One of the challenges facing enterprise data managers is understanding the usage patterns of files residing on unstructured storage.
Software for storage management should quickly bring to the attention of data managers those events and patterns of events that suggest problems and opportunities.
Here are some examples of file usage that may be of interest to data managers:
1. If a user attempts to read a file containing sensitive salary data, is the access attempt indicative of a worrisome security violation?
2. Suppose spreadsheet files with financial information reside unprotected in a directory. Should the data manager consider changing the access rights for the directory?
3. If a directory containing a large amount of data has had few accesses over the past month, should the data manager consider moving those files to offline storage?
4. Given a high level of usage of files residing on a CIFS server, should the data manager consider, for performance reasons, redistributing the files across other servers?
5. If a user often writes large files to disk, is this suggestive of inappropriate behavior — such as misuse of company resources for a personal business? (Note that information about the content of the files would be useful in evaluating the inappropriateness of the behavior.)
6. If a user reads a large number of files at an unusual time (e.g., in the middle of the night, or just before leaving the company), is this suggestive of undesired behavior?
How can data management software help data managers zero in on such usage patterns of interest?
First, the software should display current and historical data in tabular or graphical reports, with results ordered by likely significance. Second, the software should implement alerts that notify data managers, by email or by graphical display elements, of situations of particular interest. Third, the software should let data managers explore the data along different dimensions and with various restrictions. Finally, the software should allow data managers to customize reports and alerts to omit useless information and focus on interesting patterns.

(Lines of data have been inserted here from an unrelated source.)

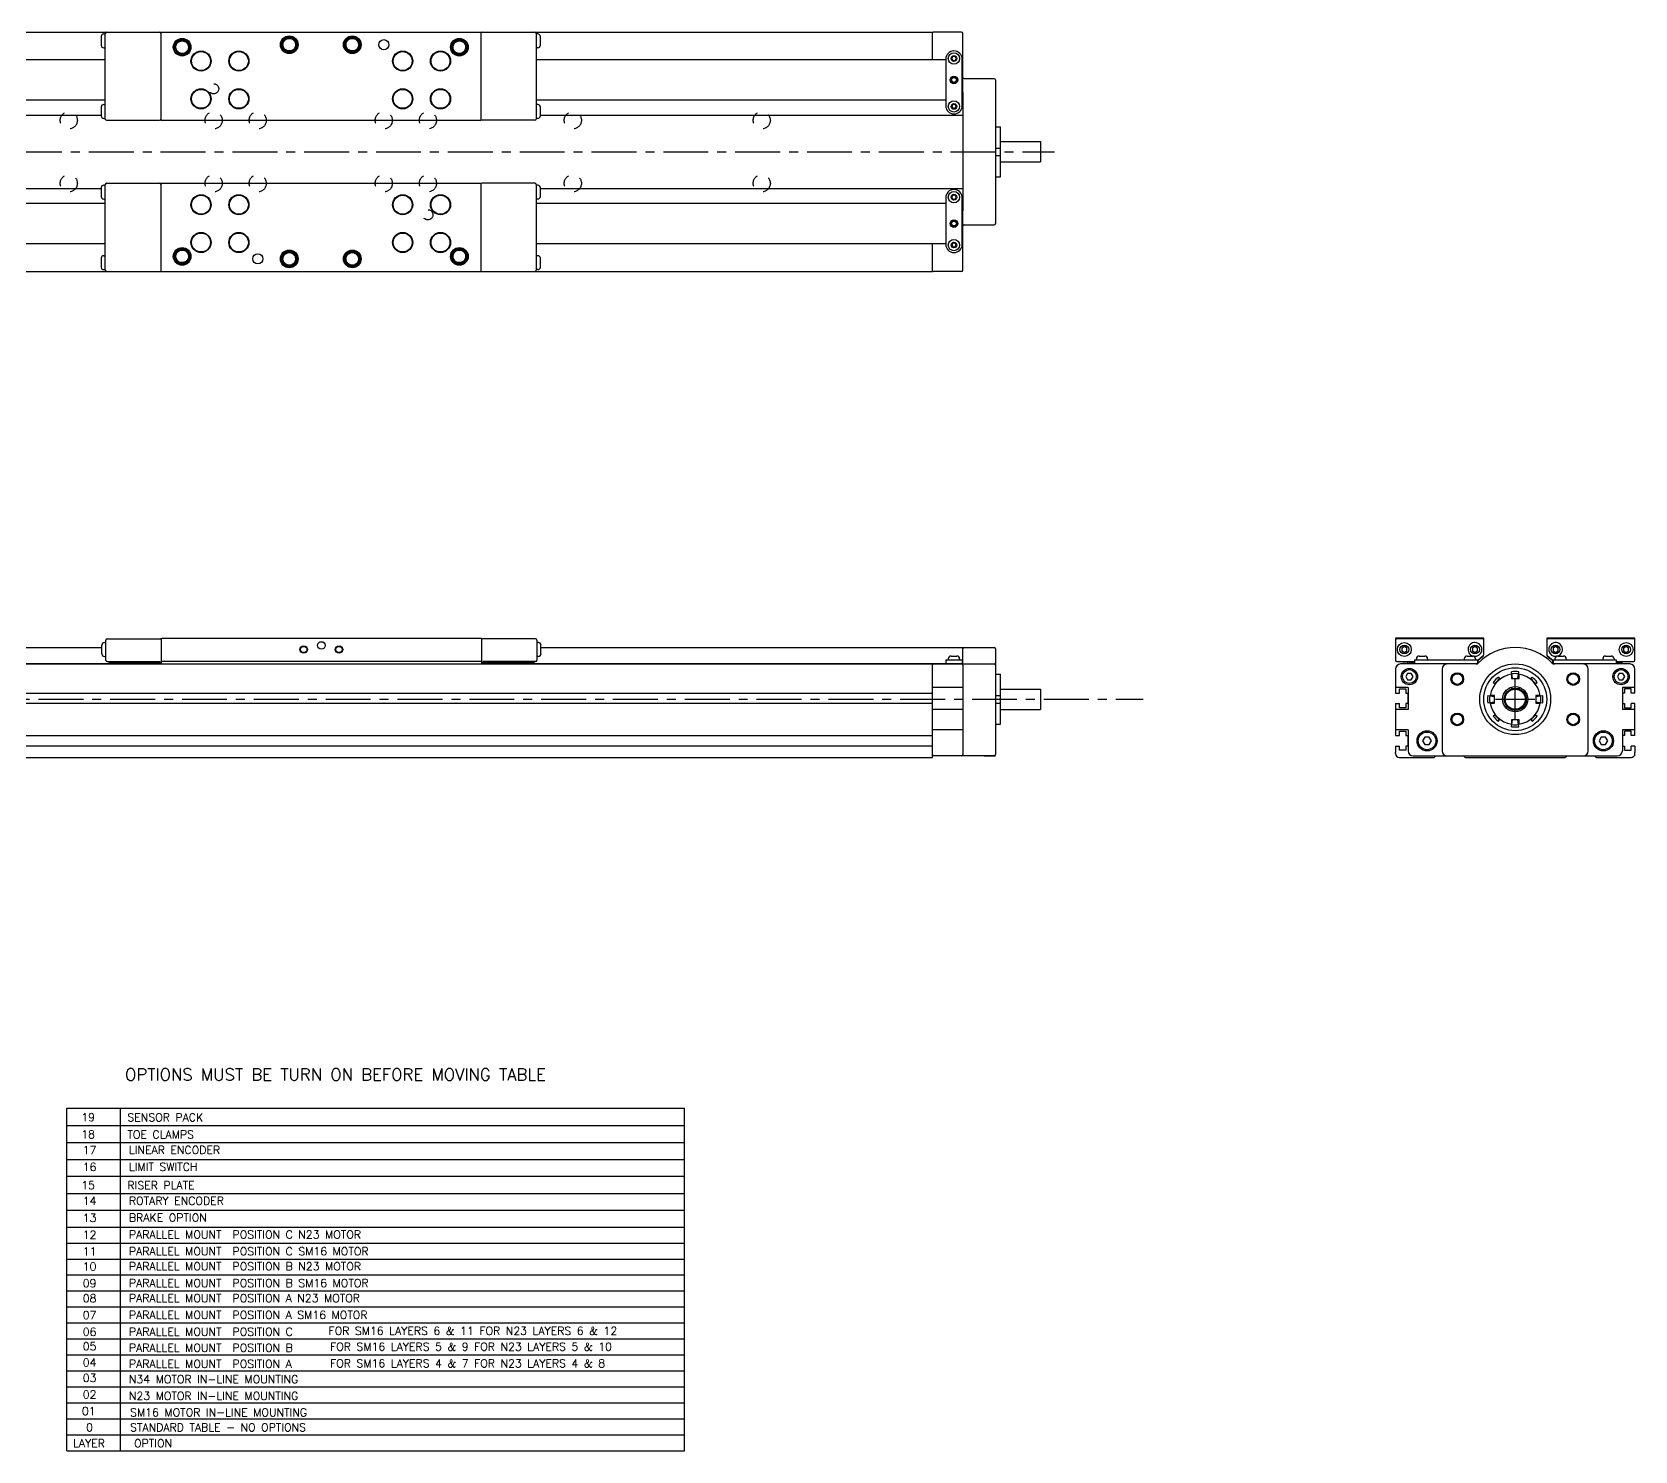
# Model space of a CAD drawing. Extents: x -1.5 to 42.4, y 2.1 to 24.3.
# Drawn here: x 17.38 to 42.42, y 2.09 to 24.26 of the extents above; entities that cross this region are included whole.
import ezdxf
from ezdxf.enums import TextEntityAlignment as Align

# ---------------------------------------------------------------- set-up
doc = ezdxf.new("R2010")
doc.units = 0
doc.header["$LTSCALE"] = 1.87
doc.header["$MEASUREMENT"] = 0
doc.linetypes.add('CENTER', pattern=[0.6, 0.375, -0.075, 0.075, -0.075])
doc.linetypes.add('HIDDEN', pattern=[0.2, 0.1, -0.1])
doc.layers.get('0').update_dxf_attribs({"linetype": 'CONTINUOUS'})
doc.styles.add('ROMANS', font='ROMANS')

msp = doc.modelspace()

# ---------------------------------------------------------------- linework, layer by layer
for p, q in [((12.328, 24.258), (31.443, 24.258)), ((18.454, 24.189), (18.454, 24.051)), ((18.496, 24.229), (18.519, 24.229)), ((18.519, 22.9), (18.519, 24.238)), ((19.386, 24.258), (19.386, 22.88)), ((21.275, 24.061), (21.295, 24.061)), ((22.26, 24.061), (22.279, 24.061)), ((24.386, 24.258), (24.386, 22.88)), ((25.252, 24.238), (25.252, 22.9)), ((25.275, 24.229), (25.252, 24.229)), ((25.317, 24.051), (25.317, 24.189)), ((31.443, 23.825), (31.443, 24.258)), ((31.896, 24.258), (31.463, 24.258)), ((31.915, 23.316), (31.915, 24.238)), ((18.519, 23.825), (12.121, 23.825)), ((18.496, 24.012), (18.519, 24.012)), ((19.602, 24.022), (19.622, 24.022)), ((23.933, 24.022), (23.952, 24.022)), ((25.275, 24.012), (25.252, 24.012)), ((31.65, 23.825), (25.252, 23.825)), ((31.65, 23.835), (31.65, 23.107)), ((31.761, 23.874), (31.743, 23.845)), ((31.743, 23.845), (31.761, 23.815)), ((31.795, 23.874), (31.761, 23.874)), ((31.761, 23.815), (31.795, 23.815)), ((31.778, 23.963), (31.777, 23.963)), ((31.812, 23.845), (31.795, 23.874)), ((31.795, 23.815), (31.812, 23.845)), ((31.906, 23.107), (31.906, 23.835)), ((31.906, 23.71), (31.915, 23.705)), ((31.915, 23.316), (31.906, 23.311)), ((31.915, 23.313), (31.915, 21.463)), ((32.407, 23.53), (31.935, 23.53)), ((32.427, 23.51), (32.427, 21.266)), ((18.519, 23.195), (12.121, 23.195)), ((18.454, 23.087), (18.454, 22.949)), ((18.496, 23.126), (18.519, 23.126)), ((31.65, 23.195), (25.252, 23.195)), ((25.275, 23.126), (25.252, 23.126)), ((25.317, 22.949), (25.317, 23.087)), ((31.761, 23.126), (31.743, 23.097)), ((31.743, 23.097), (31.761, 23.067)), ((31.795, 23.126), (31.761, 23.126)), ((31.761, 23.067), (31.795, 23.067)), ((31.812, 23.097), (31.795, 23.126)), ((31.795, 23.067), (31.812, 23.097)), ((31.915, 23.195), (31.906, 23.195)), ((11.856, 22.961), (18.454, 22.961)), ((18.496, 22.91), (18.519, 22.91)), ((18.539, 22.88), (19.366, 22.88)), ((19.386, 22.88), (24.386, 22.88)), ((25.232, 22.88), (24.405, 22.88)), ((25.275, 22.91), (25.252, 22.91)), ((25.326, 22.961), (31.915, 22.961)), ((31.777, 22.979), (31.778, 22.979)), ((32.427, 22.777), (32.506, 22.777)), ((32.506, 21.999), (32.506, 22.777)), ((32.506, 22.546), (33.132, 22.546)), ((33.132, 22.546), (33.132, 22.231)), ((32.427, 22.447), (32.506, 22.447)), ((32.427, 22.329), (32.506, 22.329)), ((32.506, 22.231), (33.132, 22.231)), ((11.856, 21.815), (18.454, 21.815)), ((18.454, 21.827), (18.454, 21.689)), ((18.496, 21.866), (18.519, 21.866)), ((18.519, 20.538), (18.519, 21.876)), ((18.539, 21.896), (19.366, 21.896)), ((19.386, 21.896), (19.386, 20.518)), ((19.386, 21.896), (24.386, 21.896)), ((24.386, 21.896), (24.386, 20.518)), ((25.232, 21.896), (24.405, 21.896)), ((25.252, 21.876), (25.252, 20.538)), ((25.275, 21.866), (25.252, 21.866)), ((25.317, 21.689), (25.317, 21.827)), ((25.317, 21.815), (31.915, 21.815)), ((31.778, 21.798), (31.777, 21.798)), ((32.427, 21.999), (32.506, 21.999)), ((18.519, 21.581), (12.121, 21.581)), ((18.496, 21.65), (18.519, 21.65)), ((25.275, 21.65), (25.252, 21.65)), ((31.65, 21.581), (25.252, 21.581)), ((31.65, 21.67), (31.65, 20.941)), ((31.761, 21.709), (31.743, 21.679)), ((31.743, 21.679), (31.761, 21.65)), ((31.795, 21.709), (31.761, 21.709)), ((31.761, 21.65), (31.795, 21.65)), ((31.812, 21.679), (31.795, 21.709)), ((31.795, 21.65), (31.812, 21.679)), ((31.906, 20.941), (31.906, 21.67)), ((31.915, 21.581), (31.906, 21.581)), ((31.906, 21.466), (31.915, 21.461)), ((31.915, 20.538), (31.915, 21.461)), ((31.915, 21.071), (31.906, 21.066)), ((31.935, 21.246), (32.407, 21.246)), ((18.519, 20.951), (12.121, 20.951)), ((31.65, 20.951), (25.252, 20.951)), ((31.443, 20.518), (31.443, 20.951)), ((31.761, 20.961), (31.743, 20.931)), ((31.743, 20.931), (31.761, 20.902)), ((31.795, 20.961), (31.761, 20.961)), ((31.761, 20.902), (31.795, 20.902)), ((31.777, 20.813), (31.778, 20.813)), ((31.812, 20.931), (31.795, 20.961)), ((31.795, 20.902), (31.812, 20.931)), ((18.454, 20.725), (18.454, 20.587)), ((18.496, 20.764), (18.519, 20.764)), ((18.496, 20.548), (18.519, 20.548)), ((19.602, 20.754), (19.622, 20.754)), ((21.275, 20.715), (21.295, 20.715)), ((22.26, 20.715), (22.279, 20.715)), ((23.933, 20.754), (23.952, 20.754)), ((25.275, 20.764), (25.252, 20.764)), ((25.275, 20.548), (25.252, 20.548)), ((25.317, 20.587), (25.317, 20.725)), ((12.328, 20.518), (31.443, 20.518)), ((31.896, 20.518), (31.463, 20.518)), ((18.549, 14.781), (19.376, 14.781)), ((19.395, 14.387), (19.395, 14.791)), ((19.395, 14.791), (24.395, 14.791)), ((24.395, 14.791), (24.395, 14.387)), ((25.242, 14.781), (24.415, 14.781)), ((38.676, 14.791), (38.676, 14.446)), ((40.054, 14.791), (38.676, 14.791)), ((40.035, 14.781), (38.696, 14.781)), ((40.054, 14.534), (40.054, 14.791)), ((41.039, 14.791), (41.039, 14.534)), ((42.417, 14.791), (41.039, 14.791)), ((42.397, 14.781), (41.058, 14.781)), ((42.417, 14.446), (42.417, 14.791)), ((11.797, 14.643), (18.464, 14.643)), ((18.464, 14.544), (18.464, 14.682)), ((18.506, 14.722), (18.529, 14.722)), ((18.529, 14.446), (18.529, 14.761)), ((25.262, 14.761), (25.262, 14.446)), ((25.285, 14.722), (25.262, 14.722)), ((25.326, 14.544), (25.326, 14.682)), ((25.326, 14.643), (31.915, 14.643)), ((31.915, 14.387), (31.915, 14.643)), ((31.935, 14.643), (32.407, 14.643)), ((32.427, 14.623), (32.427, 12.97)), ((38.814, 14.659), (38.775, 14.636)), ((38.775, 14.636), (38.775, 14.591)), ((38.775, 14.591), (38.814, 14.568)), ((38.854, 14.636), (38.814, 14.659)), ((38.814, 14.568), (38.854, 14.591)), ((38.854, 14.591), (38.854, 14.636)), ((39.917, 14.659), (39.877, 14.636)), ((39.877, 14.636), (39.877, 14.591)), ((39.877, 14.591), (39.917, 14.568)), ((39.956, 14.636), (39.917, 14.659)), ((39.917, 14.568), (39.956, 14.591)), ((39.956, 14.591), (39.956, 14.636)), ((41.176, 14.659), (41.137, 14.636)), ((41.137, 14.636), (41.137, 14.591)), ((41.137, 14.591), (41.176, 14.568)), ((41.216, 14.636), (41.176, 14.659)), ((41.176, 14.568), (41.216, 14.591)), ((41.216, 14.591), (41.216, 14.636)), ((42.279, 14.659), (42.239, 14.636)), ((42.239, 14.636), (42.239, 14.591)), ((42.239, 14.591), (42.279, 14.568)), ((42.318, 14.636), (42.279, 14.659)), ((42.279, 14.568), (42.318, 14.591)), ((42.318, 14.591), (42.318, 14.636)), ((11.797, 14.387), (32.407, 14.387)), ((11.856, 14.392), (18.897, 14.392)), ((18.506, 14.505), (18.529, 14.505)), ((18.549, 14.426), (19.376, 14.426)), ((18.573, 14.426), (18.573, 14.412)), ((18.573, 14.412), (19.383, 14.412)), ((19.007, 14.412), (19.004, 14.411)), ((19.022, 14.412), (19.006, 14.406)), ((24.395, 14.426), (19.395, 14.426)), ((24.408, 14.412), (25.218, 14.412)), ((25.242, 14.426), (24.415, 14.426)), ((24.778, 14.406), (24.762, 14.412)), ((24.78, 14.411), (24.777, 14.412)), ((24.887, 14.392), (31.915, 14.392)), ((25.218, 14.426), (25.218, 14.412)), ((25.285, 14.505), (25.262, 14.505)), ((31.443, 12.928), (31.443, 14.387)), ((31.65, 14.451), (31.906, 14.451)), ((31.65, 14.451), (31.65, 14.392)), ((31.679, 14.387), (31.679, 14.392)), ((31.689, 14.467), (31.689, 14.451)), ((31.728, 14.392), (31.728, 14.387)), ((31.732, 14.51), (31.823, 14.51)), ((31.827, 14.392), (31.827, 14.387)), ((31.866, 14.467), (31.866, 14.451)), ((31.906, 14.451), (31.906, 14.392)), ((31.915, 14.367), (31.915, 12.97)), ((38.676, 14.308), (38.676, 13.933)), ((38.696, 14.426), (38.972, 14.426)), ((39.94, 14.387), (38.755, 14.387)), ((38.78, 14.423), (38.79, 14.422)), ((38.873, 14.419), (38.873, 14.417)), ((38.888, 14.412), (38.888, 14.418)), ((38.888, 14.412), (38.972, 14.412)), ((38.891, 14.426), (38.891, 14.412)), ((38.972, 14.451), (38.972, 14.392)), ((38.972, 14.451), (39.956, 14.451)), ((38.972, 14.392), (39.954, 14.392)), ((39.001, 14.467), (39.001, 14.451)), ((39.041, 14.392), (39.041, 14.387)), ((39.045, 14.51), (39.135, 14.51)), ((39.139, 14.392), (39.139, 14.387)), ((39.178, 14.467), (39.178, 14.451)), ((39.23, 14.387), (39.23, 14.392)), ((39.405, 14.308), (39.405, 13.029)), ((39.619, 14.387), (39.619, 14.392)), ((39.739, 14.387), (39.739, 14.392)), ((39.749, 14.467), (39.749, 14.451)), ((39.789, 14.392), (39.789, 14.387)), ((39.793, 14.51), (39.883, 14.51)), ((39.887, 14.392), (39.887, 14.387)), ((39.926, 14.467), (39.926, 14.451)), ((39.956, 14.442), (40.047, 14.519)), ((39.956, 14.451), (39.956, 14.393)), ((39.961, 14.412), (39.956, 14.412)), ((40.04, 14.503), (39.961, 14.437)), ((39.961, 14.446), (39.961, 14.412)), ((41.046, 14.519), (41.137, 14.442)), ((41.133, 14.436), (41.053, 14.503)), ((41.132, 14.412), (41.132, 14.436)), ((41.132, 14.412), (41.137, 14.412)), ((41.135, 14.444), (41.135, 14.412)), ((41.137, 14.451), (41.137, 14.393)), ((41.137, 14.451), (42.121, 14.451)), ((41.139, 14.392), (42.121, 14.392)), ((42.338, 14.387), (41.153, 14.387)), ((41.167, 14.467), (41.167, 14.451)), ((41.206, 14.392), (41.206, 14.387)), ((41.21, 14.51), (41.3, 14.51)), ((41.304, 14.392), (41.304, 14.387)), ((41.344, 14.467), (41.344, 14.451)), ((41.354, 14.387), (41.354, 14.392)), ((41.474, 14.387), (41.474, 14.392)), ((41.688, 13.029), (41.688, 14.308)), ((41.863, 14.387), (41.863, 14.392)), ((41.915, 14.467), (41.915, 14.451)), ((41.954, 14.392), (41.954, 14.387)), ((41.958, 14.51), (42.048, 14.51)), ((42.052, 14.392), (42.052, 14.387)), ((42.092, 14.467), (42.092, 14.451)), ((42.121, 14.451), (42.121, 14.392)), ((42.121, 14.426), (42.397, 14.426)), ((42.121, 14.412), (42.205, 14.412)), ((42.205, 14.426), (42.205, 14.412)), ((42.205, 14.417), (42.22, 14.417)), ((42.22, 14.426), (42.22, 14.417)), ((42.417, 13.933), (42.417, 14.308)), ((32.427, 14.225), (32.506, 14.225)), ((32.506, 13.447), (32.506, 14.225)), ((38.865, 14.239), (38.836, 14.19)), ((38.836, 14.19), (38.865, 14.141)), ((38.921, 14.239), (38.865, 14.239)), ((38.865, 14.141), (38.921, 14.141)), ((38.95, 14.19), (38.921, 14.239)), ((38.921, 14.141), (38.95, 14.19)), ((40.203, 14.099), (40.234, 14.075)), ((40.283, 14.179), (40.307, 14.148)), ((40.486, 14.023), (40.486, 14.003)), ((40.487, 14.225), (40.487, 14.159)), ((40.487, 14.159), (40.606, 14.159)), ((40.504, 14.159), (40.49, 14.265)), ((40.589, 14.159), (40.603, 14.265)), ((40.606, 14.159), (40.606, 14.225)), ((40.606, 14.023), (40.606, 14.003)), ((40.786, 14.148), (40.81, 14.179)), ((40.859, 14.075), (40.89, 14.099)), ((42.172, 14.239), (42.143, 14.19)), ((42.143, 14.19), (42.172, 14.141)), ((42.228, 14.239), (42.172, 14.239)), ((42.172, 14.141), (42.228, 14.141)), ((42.257, 14.19), (42.228, 14.239)), ((42.228, 14.141), (42.257, 14.19)), ((12.328, 13.932), (31.443, 13.932)), ((31.915, 14.021), (31.443, 14.021)), ((32.427, 13.895), (32.506, 13.895)), ((32.427, 13.777), (32.506, 13.777)), ((32.506, 13.993), (33.132, 13.993)), ((33.132, 13.993), (33.132, 13.678)), ((38.873, 14.021), (38.676, 14.021)), ((38.873, 14.021), (38.873, 13.678)), ((40.117, 13.892), (40.224, 13.878)), ((40.117, 13.779), (40.224, 13.793)), ((40.224, 13.895), (40.157, 13.895)), ((40.157, 13.777), (40.224, 13.777)), ((40.224, 13.777), (40.224, 13.895)), ((40.486, 14.003), (40.606, 14.003)), ((40.936, 13.895), (40.869, 13.895)), ((40.869, 13.895), (40.869, 13.777)), ((40.869, 13.878), (40.976, 13.892)), ((40.869, 13.793), (40.976, 13.779)), ((40.869, 13.777), (40.936, 13.777)), ((42.22, 14.021), (42.22, 13.678)), ((42.417, 14.021), (42.22, 14.021)), ((31.443, 13.767), (12.328, 13.767)), ((31.915, 13.678), (31.443, 13.678)), ((32.506, 13.678), (33.132, 13.678)), ((38.676, 13.768), (38.676, 13.27)), ((38.873, 13.678), (38.676, 13.678)), ((40.203, 13.572), (40.234, 13.596)), ((40.283, 13.492), (40.307, 13.524)), ((40.786, 13.524), (40.81, 13.492)), ((40.859, 13.596), (40.89, 13.572)), ((42.417, 13.678), (42.22, 13.678)), ((42.417, 13.27), (42.417, 13.768)), ((31.915, 13.359), (31.443, 13.359)), ((32.427, 13.447), (32.506, 13.447)), ((38.873, 13.359), (38.676, 13.359)), ((38.873, 13.359), (38.873, 13.029)), ((40.606, 13.513), (40.487, 13.513)), ((40.487, 13.513), (40.487, 13.447)), ((40.49, 13.406), (40.504, 13.513)), ((40.603, 13.406), (40.589, 13.513)), ((40.606, 13.447), (40.606, 13.513)), ((42.22, 13.359), (42.22, 13.029)), ((42.417, 13.359), (42.22, 13.359)), ((12.328, 13.271), (31.443, 13.271)), ((31.443, 13.105), (12.328, 13.105)), ((38.676, 13.105), (38.676, 13.002)), ((39.134, 13.245), (39.1, 13.186)), ((39.1, 13.186), (39.134, 13.127)), ((39.203, 13.245), (39.134, 13.245)), ((39.134, 13.127), (39.203, 13.127)), ((39.237, 13.186), (39.203, 13.245)), ((39.203, 13.127), (39.237, 13.186)), ((41.89, 13.245), (41.856, 13.186)), ((41.856, 13.186), (41.89, 13.127)), ((41.959, 13.245), (41.89, 13.245)), ((41.89, 13.127), (41.959, 13.127)), ((41.993, 13.186), (41.959, 13.245)), ((41.959, 13.127), (41.993, 13.186)), ((42.417, 13.105), (42.417, 13.002)), ((12.328, 12.928), (31.443, 12.928)), ((32.407, 12.95), (31.463, 12.95)), ((32.25, 12.95), (32.427, 12.95)), ((38.676, 12.987), (38.676, 13.002)), ((38.735, 12.928), (39.278, 12.928)), ((38.952, 12.95), (42.141, 12.95)), ((39.308, 12.95), (39.292, 12.934)), ((39.753, 12.934), (39.737, 12.95)), ((39.767, 12.928), (41.326, 12.928)), ((41.356, 12.95), (41.34, 12.934)), ((41.801, 12.934), (41.785, 12.95)), ((41.814, 12.928), (42.358, 12.928)), ((42.417, 12.987), (42.417, 13.002)), ((17.917, 2.093), (17.917, 7.446)), ((17.917, 7.446), (27.57, 7.446)), ((18.758, 2.093), (18.758, 7.446)), ((27.57, 2.093), (27.57, 7.446)), ((17.917, 7.178), (27.57, 7.178)), ((17.917, 6.91), (27.57, 6.91)), ((17.917, 6.647), (27.57, 6.647)), ((17.917, 6.384), (27.57, 6.384)), ((17.917, 6.116), (27.57, 6.116)), ((17.917, 5.853), (27.57, 5.853)), ((17.917, 5.589), (27.57, 5.589)), ((17.917, 5.339), (27.57, 5.339)), ((17.917, 5.089), (27.57, 5.089)), ((17.917, 4.843), (27.57, 4.843)), ((17.917, 4.593), (27.57, 4.593)), ((17.917, 4.343), (27.57, 4.343)), ((17.917, 4.093), (27.57, 4.093)), ((17.917, 3.843), (27.57, 3.843)), ((17.917, 3.593), (27.57, 3.593)), ((17.917, 3.343), (27.57, 3.343)), ((17.917, 3.093), (27.57, 3.093)), ((17.917, 2.843), (27.57, 2.843)), ((17.917, 2.593), (27.57, 2.593)), ((17.917, 2.343), (27.57, 2.343)), ((17.917, 2.093), (27.57, 2.093))]:
    msp.add_line(p, q)
at = {"color": 2, "linetype": 'CENTER'}
for p, q in [((11.53, 22.388), (33.348, 22.388)), ((40.546, 13.53), (40.546, 14.142)), ((10.743, 13.836), (34.736, 13.836)), ((40.24, 13.836), (40.852, 13.836))]:
    msp.add_line(p, q, dxfattribs=at)
at = {"color": 7, "linetype": 'CONTINUOUS'}
for p, q in [((38.676, 13.933), (38.736, 13.933)), ((38.736, 13.998), (38.838, 13.998)), ((38.736, 13.933), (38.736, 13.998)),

These requirements can place a significant burden on data managers, both for customizing reports and alerts and for examining the data. As much as possible, the software should help data managers by automatically predicting which events are of interest. Furthermore, the software should allow data managers to provide feedback that the software can use to customize reports and alerts.
In other words, storage management software needs to perform predictive analytics.
Some examples of predictive analytics in other domains are:
1. Given query terms, predict which documents will be of interest (search engine querying).
2. Given a customer, their history of purchases, and the purchase histories of other customers, predict which products the customer might be interested in buying (recommendation engine, collaborative filtering).
3. Given a loan application, predict whether the applicant is a worthy credit risk (credit evaluation).
4. Given the submission of a product order on a web store, predict whether the order is fraudulent (fraud detection).
5. Given data about corporations, along with historical stock market performance data, predict the price of a stock at some time in the future (time series analysis, regression).
6. Given an email message, along with a history of messages, predict whether the email message is spam (spam filtering).
Predictive analytics software typically builds a statistical model of the domain and applies machine-learning techniques to categorize or cluster items into interesting classes. Such techniques are broadly categorized into two types: supervised learning and unsupervised clustering algorithms.
With supervised learning, the software categorizes data into two or more classes (e.g., “spam” and “not spam”), based on a training set of labeled historical data. For example, given a large number of emails labeled as “spam” and a large number of emails labeled as “not spam,” spam filtering software categorizes a newly arrived email by comparing it to the two sets of training examples and deciding, based on statistical or geometrical measures, which class (“spam” or “not spam”) is the likely correct label.
With unsupervised algorithms, on the other hand, the aim is to automatically organize items into similar sets by discovering patterns in the data. Unsupervised clustering is often useful as a preliminary step for exploring data and for optimizing supervised learning.
In the context of data management software, the feedback from data managers provides the training data with which the supervised algorithms can learn to improve their predictions. Unsupervised learning is useful for modeling typical usage patterns of files by users.
The key to successful predictions is threefold: (1) identify the correct predictive attributes; (2) model the data using an appropriate formalism (e.g., Bayesian networks, nearest neighbor search, or logistic regression); and (3) settle on a mechanism for feedback so that the software can learn over time.